Success! I can now dump the database too.

As expected the 20819.9 file was not reported as corrupted by zpool status -v, but 20819.9.old was, so I deleted it since I didn’t need it anymore.

I’m not an expert in file systems or databases, but I thought it was an experience worth sharing. I definitely lost a bit of non-critical data, but it was the best outcome. I had very little downtime and I didn’t have to restore dumps which would have make me loss way more data. The same issue affecting the accounts table could have been disastrous.
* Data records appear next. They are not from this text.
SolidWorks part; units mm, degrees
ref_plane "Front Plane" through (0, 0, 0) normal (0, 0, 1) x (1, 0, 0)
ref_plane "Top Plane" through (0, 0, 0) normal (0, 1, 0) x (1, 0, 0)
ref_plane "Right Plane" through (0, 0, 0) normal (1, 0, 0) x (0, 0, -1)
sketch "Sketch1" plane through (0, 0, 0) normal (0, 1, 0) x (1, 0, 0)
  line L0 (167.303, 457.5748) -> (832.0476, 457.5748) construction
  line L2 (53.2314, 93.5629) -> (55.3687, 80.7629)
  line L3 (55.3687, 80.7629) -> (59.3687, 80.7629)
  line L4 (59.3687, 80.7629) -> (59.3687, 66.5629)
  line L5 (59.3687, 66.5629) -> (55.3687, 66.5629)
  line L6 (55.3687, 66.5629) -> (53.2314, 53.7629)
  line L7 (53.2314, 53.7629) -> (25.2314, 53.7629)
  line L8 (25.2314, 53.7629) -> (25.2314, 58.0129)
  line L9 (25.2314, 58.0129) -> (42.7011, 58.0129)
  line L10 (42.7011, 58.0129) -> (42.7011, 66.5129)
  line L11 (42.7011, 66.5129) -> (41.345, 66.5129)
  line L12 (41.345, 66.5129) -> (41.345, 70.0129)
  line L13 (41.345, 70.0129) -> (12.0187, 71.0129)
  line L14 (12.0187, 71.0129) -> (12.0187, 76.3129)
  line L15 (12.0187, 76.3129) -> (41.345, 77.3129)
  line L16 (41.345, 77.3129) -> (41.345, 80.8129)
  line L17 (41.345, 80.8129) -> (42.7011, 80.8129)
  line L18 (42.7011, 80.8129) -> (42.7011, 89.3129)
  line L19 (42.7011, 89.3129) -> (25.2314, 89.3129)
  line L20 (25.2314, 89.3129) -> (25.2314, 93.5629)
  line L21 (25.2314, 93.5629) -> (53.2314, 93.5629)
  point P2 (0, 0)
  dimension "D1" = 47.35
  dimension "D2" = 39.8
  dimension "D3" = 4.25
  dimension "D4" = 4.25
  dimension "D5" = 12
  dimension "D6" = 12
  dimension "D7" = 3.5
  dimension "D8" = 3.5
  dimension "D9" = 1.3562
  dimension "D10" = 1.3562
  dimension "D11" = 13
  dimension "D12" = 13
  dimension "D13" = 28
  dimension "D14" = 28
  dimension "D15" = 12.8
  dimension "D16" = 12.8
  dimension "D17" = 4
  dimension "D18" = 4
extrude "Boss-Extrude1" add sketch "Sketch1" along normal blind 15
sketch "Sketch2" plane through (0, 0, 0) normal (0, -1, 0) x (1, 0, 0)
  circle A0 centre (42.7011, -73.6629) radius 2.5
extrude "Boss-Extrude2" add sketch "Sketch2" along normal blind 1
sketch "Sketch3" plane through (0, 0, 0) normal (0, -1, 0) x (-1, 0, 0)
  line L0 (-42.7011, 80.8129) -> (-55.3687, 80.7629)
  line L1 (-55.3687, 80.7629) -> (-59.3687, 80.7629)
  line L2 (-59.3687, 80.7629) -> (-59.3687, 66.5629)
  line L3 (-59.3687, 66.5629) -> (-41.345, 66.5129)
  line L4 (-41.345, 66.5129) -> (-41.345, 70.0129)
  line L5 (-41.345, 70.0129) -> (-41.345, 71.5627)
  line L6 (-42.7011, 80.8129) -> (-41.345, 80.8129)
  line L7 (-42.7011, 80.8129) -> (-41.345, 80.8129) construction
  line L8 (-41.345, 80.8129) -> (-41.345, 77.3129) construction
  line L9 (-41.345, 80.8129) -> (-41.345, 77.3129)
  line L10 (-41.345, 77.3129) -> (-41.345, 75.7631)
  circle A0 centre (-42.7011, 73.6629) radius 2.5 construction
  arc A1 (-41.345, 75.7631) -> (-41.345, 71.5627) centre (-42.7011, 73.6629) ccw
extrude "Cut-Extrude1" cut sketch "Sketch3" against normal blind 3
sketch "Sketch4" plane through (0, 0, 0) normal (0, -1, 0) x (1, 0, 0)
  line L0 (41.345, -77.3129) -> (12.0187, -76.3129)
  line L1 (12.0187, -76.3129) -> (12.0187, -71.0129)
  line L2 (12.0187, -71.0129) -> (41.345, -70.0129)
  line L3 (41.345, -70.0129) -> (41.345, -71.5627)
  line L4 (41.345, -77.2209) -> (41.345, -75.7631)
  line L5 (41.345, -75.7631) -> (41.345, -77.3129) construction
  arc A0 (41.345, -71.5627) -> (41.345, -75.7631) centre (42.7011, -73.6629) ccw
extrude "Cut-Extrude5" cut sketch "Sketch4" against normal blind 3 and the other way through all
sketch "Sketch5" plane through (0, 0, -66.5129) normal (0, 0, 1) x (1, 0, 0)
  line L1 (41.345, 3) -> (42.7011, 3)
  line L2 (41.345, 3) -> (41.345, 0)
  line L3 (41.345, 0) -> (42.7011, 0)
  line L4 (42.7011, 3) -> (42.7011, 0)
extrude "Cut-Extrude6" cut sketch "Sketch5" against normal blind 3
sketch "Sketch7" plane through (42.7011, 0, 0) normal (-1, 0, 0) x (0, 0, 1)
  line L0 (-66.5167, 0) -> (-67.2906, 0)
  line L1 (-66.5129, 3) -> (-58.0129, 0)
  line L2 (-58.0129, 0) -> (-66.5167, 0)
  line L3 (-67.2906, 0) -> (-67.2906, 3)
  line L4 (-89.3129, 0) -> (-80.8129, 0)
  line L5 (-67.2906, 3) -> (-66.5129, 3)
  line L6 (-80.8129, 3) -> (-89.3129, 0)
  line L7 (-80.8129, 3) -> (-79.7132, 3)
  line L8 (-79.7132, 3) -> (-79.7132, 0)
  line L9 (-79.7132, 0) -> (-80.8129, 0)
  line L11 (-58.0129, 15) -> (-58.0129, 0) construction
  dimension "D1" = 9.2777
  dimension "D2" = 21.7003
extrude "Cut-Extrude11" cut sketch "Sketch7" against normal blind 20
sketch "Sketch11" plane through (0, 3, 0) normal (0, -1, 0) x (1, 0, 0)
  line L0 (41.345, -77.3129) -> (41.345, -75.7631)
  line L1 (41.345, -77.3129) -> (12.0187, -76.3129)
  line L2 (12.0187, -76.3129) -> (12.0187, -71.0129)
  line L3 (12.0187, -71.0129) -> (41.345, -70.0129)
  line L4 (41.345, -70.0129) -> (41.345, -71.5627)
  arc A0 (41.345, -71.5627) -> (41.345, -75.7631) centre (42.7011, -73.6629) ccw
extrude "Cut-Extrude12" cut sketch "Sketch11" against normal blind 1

I still have errors that come and go on my zpool. I am a bit concerned since I don’t know the source of these errors. Is the underlying storage corrupted or unreliable? Did I corrupt something myself? Is it a bug with ZOL? LXD? I don’t know.

This VM is not even a month old but I guess I have to start a new one from scratch and migrate my containers. Will use ZFS though? I’m not sure.